Il y a eu un essai, avec la création de MEDIA Mundus. J'en ai beaucoup discuté avec Mme Viviane Reding, formidable commissaire à la culture. Mais l'enthousiasme de la Commission ayant à un moment beaucoup baissé, MEDIA Mundus a été supprimé – je ne veux pas citer de nom… Il est nécessaire, selon moi, de repenser un instrument dédié à l'exportation. C'est, je crois, la valeur ajoutée que l'on pourrait créer pour ce programme.

Un fonds de garantie a été mis en place et la Banque publique d'investissement vient d'obtenir un nantissement de 30 millions d'euros. C'est un succès pour la France, car c'est l'Institut pour le financement du cinéma et des industries culturelles (IFCIC) qui a, il y a très longtemps, plaidé à Bruxelles pour un fonds de garantie au niveau européen, destiné à abonder les banques et à les rassurer, afin de les pousser à investir dans le secteur du cinéma. Les banques sont en général assez rétives à financer un secteur où les seuls actifs sont immatériels : il s'agit, en gros, des droits d'auteur, que les banques ne connaissent pas bien, dans la mesure où il ne s'agit pas d'immeubles, de choses tangibles.

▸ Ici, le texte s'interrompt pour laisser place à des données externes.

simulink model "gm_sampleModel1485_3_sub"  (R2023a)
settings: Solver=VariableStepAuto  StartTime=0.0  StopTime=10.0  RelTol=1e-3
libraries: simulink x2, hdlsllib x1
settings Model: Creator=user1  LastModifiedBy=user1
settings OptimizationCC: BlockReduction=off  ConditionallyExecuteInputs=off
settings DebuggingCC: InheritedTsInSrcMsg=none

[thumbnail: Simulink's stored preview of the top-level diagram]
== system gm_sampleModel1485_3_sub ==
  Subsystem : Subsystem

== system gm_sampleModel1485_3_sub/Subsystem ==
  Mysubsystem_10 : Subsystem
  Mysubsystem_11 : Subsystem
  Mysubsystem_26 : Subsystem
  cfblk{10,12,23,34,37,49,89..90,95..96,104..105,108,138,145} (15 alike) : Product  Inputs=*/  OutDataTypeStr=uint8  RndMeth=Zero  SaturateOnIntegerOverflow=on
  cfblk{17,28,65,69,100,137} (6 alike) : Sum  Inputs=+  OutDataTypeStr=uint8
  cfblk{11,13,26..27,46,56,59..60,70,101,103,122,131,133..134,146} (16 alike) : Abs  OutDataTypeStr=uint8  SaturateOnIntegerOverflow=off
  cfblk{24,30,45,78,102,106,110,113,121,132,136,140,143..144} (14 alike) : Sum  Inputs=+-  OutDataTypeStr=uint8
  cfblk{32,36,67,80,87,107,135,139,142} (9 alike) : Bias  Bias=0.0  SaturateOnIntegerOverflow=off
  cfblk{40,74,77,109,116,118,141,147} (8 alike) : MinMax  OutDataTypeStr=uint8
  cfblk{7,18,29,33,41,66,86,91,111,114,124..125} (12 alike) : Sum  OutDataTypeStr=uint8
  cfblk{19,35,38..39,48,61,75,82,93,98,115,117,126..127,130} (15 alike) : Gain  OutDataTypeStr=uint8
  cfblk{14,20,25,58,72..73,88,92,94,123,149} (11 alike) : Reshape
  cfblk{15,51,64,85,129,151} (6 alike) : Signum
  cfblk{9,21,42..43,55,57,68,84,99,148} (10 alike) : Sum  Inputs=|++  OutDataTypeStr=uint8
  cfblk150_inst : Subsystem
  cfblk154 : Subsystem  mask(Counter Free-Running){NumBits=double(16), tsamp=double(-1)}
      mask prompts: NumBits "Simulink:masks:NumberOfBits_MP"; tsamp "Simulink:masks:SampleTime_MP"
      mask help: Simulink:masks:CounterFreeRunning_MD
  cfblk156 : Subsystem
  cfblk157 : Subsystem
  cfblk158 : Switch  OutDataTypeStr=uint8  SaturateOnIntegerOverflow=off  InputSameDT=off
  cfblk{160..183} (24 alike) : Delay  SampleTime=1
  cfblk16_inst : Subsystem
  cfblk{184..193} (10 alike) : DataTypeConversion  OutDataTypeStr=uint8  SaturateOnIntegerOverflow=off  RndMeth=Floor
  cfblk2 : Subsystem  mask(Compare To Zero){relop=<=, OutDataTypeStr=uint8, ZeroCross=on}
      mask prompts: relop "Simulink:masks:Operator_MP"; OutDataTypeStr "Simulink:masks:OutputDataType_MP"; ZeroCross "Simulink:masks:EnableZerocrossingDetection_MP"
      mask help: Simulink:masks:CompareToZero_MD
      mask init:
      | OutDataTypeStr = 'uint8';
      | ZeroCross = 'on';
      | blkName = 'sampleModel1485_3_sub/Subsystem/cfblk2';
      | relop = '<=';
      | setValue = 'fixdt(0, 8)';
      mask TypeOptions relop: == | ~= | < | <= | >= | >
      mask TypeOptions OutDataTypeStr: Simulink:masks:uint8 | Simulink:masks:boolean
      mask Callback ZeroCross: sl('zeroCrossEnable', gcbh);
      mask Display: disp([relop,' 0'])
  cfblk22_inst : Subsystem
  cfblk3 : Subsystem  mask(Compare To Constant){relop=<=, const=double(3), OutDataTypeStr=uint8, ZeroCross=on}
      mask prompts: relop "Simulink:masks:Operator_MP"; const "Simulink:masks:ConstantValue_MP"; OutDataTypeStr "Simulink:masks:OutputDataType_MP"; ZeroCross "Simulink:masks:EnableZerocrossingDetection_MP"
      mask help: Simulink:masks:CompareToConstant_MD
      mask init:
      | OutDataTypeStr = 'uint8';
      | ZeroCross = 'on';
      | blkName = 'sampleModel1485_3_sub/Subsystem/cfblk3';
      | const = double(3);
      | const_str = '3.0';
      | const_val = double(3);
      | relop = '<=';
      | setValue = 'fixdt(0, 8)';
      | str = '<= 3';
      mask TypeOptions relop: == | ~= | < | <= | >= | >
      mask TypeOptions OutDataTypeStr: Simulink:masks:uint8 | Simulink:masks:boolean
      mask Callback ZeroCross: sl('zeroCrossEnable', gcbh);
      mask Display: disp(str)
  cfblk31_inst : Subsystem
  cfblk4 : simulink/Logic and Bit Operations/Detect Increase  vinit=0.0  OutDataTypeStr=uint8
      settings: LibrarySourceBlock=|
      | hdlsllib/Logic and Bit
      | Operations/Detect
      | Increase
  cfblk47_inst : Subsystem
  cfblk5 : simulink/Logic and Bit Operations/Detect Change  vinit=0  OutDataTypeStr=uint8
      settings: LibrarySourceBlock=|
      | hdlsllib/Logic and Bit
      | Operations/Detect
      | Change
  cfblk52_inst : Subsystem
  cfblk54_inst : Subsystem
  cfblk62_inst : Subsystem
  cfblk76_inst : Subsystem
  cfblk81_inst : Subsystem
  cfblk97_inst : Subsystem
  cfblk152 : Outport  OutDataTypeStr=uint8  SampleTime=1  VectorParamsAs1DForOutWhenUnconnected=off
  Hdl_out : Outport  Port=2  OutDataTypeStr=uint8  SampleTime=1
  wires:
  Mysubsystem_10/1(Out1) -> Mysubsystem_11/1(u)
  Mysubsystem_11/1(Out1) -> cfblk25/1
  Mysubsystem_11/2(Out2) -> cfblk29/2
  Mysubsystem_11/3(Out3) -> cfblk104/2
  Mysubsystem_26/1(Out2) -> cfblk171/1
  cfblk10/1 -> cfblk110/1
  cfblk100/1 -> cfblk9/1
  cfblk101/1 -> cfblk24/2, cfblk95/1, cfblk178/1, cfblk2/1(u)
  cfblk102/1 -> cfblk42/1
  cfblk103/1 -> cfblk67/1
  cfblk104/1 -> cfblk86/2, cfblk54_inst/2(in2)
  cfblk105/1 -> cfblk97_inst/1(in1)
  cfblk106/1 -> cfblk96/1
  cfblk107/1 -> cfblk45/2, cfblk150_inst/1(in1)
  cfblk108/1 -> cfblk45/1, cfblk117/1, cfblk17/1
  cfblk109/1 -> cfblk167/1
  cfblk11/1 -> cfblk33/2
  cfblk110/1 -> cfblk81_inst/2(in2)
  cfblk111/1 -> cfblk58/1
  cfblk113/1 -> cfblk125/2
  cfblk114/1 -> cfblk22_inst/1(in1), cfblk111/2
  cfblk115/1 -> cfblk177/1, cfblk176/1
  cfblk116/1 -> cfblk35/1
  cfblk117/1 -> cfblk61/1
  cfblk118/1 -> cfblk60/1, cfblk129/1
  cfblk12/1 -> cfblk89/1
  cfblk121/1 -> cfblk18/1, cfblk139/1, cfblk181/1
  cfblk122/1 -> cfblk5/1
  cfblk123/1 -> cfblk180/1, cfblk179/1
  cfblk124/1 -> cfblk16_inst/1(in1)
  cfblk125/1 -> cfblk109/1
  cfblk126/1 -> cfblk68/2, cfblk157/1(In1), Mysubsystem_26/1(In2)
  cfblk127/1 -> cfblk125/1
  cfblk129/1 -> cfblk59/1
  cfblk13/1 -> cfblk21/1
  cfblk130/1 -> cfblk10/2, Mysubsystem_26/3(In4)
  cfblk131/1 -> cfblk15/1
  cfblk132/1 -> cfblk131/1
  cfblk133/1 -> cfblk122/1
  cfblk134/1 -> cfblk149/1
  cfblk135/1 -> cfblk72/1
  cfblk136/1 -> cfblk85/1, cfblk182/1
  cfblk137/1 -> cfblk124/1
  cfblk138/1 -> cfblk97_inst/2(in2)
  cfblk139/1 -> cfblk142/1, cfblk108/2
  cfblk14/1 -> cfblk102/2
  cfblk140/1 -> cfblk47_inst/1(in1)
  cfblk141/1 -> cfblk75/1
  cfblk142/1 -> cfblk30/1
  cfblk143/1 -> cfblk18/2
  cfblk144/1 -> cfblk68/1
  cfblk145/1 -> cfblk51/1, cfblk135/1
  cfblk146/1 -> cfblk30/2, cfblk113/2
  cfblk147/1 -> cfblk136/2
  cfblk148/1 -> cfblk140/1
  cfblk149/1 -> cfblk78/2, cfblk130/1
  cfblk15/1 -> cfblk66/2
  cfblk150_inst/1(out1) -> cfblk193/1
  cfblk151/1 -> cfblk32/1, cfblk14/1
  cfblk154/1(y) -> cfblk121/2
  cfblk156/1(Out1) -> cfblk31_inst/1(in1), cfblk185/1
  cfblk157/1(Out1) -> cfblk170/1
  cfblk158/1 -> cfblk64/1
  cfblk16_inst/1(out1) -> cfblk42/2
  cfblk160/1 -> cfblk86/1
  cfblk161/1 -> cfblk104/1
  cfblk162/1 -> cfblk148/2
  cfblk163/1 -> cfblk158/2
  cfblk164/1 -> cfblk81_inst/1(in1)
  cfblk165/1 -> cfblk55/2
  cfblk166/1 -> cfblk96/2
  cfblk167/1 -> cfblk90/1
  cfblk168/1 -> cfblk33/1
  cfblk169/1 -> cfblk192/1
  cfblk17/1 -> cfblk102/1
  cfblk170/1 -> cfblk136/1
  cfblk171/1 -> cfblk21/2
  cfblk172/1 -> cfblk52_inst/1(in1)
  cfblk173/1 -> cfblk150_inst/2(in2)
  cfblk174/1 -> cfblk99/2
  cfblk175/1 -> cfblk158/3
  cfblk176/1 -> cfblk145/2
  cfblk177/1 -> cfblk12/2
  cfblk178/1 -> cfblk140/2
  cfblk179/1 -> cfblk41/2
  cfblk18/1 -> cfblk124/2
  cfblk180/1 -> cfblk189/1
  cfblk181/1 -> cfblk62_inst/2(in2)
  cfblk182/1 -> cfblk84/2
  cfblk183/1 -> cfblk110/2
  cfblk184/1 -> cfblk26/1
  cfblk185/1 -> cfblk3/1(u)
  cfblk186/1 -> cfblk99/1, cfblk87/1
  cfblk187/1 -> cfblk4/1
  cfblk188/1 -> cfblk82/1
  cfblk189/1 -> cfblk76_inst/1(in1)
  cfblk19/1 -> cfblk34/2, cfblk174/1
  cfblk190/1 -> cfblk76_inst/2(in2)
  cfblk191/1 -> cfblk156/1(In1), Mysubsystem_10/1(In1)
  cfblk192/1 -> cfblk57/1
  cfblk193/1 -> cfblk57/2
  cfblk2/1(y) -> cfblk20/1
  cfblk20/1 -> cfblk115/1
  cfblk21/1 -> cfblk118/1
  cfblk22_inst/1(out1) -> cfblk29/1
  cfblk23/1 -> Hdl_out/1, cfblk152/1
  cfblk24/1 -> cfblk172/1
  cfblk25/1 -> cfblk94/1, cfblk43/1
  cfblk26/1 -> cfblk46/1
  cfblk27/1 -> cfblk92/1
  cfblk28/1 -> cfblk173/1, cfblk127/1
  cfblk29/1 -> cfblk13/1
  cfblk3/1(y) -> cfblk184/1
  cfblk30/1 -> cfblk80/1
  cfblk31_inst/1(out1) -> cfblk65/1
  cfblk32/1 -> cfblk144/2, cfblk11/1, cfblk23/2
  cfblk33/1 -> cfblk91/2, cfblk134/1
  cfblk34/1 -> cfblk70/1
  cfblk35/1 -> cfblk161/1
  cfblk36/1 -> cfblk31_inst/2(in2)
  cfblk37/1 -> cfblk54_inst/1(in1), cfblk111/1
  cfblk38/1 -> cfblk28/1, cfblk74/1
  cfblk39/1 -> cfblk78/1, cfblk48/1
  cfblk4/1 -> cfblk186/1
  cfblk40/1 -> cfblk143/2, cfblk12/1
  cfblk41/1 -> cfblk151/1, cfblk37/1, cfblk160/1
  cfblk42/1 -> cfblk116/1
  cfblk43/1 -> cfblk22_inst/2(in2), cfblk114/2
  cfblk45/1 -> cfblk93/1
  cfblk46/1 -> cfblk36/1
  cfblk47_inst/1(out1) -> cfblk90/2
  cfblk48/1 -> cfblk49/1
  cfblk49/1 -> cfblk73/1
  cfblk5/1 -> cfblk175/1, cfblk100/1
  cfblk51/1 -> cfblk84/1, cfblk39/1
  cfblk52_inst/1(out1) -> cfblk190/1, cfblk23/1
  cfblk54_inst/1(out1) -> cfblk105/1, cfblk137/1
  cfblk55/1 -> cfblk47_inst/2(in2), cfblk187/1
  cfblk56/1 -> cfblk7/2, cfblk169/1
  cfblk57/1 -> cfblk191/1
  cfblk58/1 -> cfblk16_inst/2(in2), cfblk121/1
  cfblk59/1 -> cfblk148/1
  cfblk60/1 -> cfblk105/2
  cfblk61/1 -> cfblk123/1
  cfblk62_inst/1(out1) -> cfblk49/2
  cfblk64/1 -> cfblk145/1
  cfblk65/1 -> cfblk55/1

Il serait intéressant de suivre l'évolution de ce fonds de garantie durant les deux années à venir, de voir s'il y a vraiment une appétence pour ces crédits. Auquel cas on pourrait envisager un nantissement plus important puisqu'il est actuellement de 120 millions d'euros jusqu'en 2020, pour vingt-huit pays et pour l'ensemble du secteur culturel. Il s'agit d'un nantissement relativement modeste, mais c'est un bon début.

En ce qui concerne le Fonds européen pour les investissements stratégiques (FEIS), il est question, à l'article 9, de la culture et des industries culturelles. Il serait intéressant de mieux se renseigner sur cette facilité qu'offre le Fonds afin de savoir si on y a eu recours. Je suis moi-même allé me renseigner au ministère des affaires étrangères à ce sujet : il y avait déjà beaucoup de projets, mais très peu de projets culturels. S'agissant d'un fonds aussi important, je pense qu'il reste des marges de financement. Il serait intéressant de savoir s'il n'y aurait pas là une facilité pour le secteur du cinéma et de l'audiovisuel.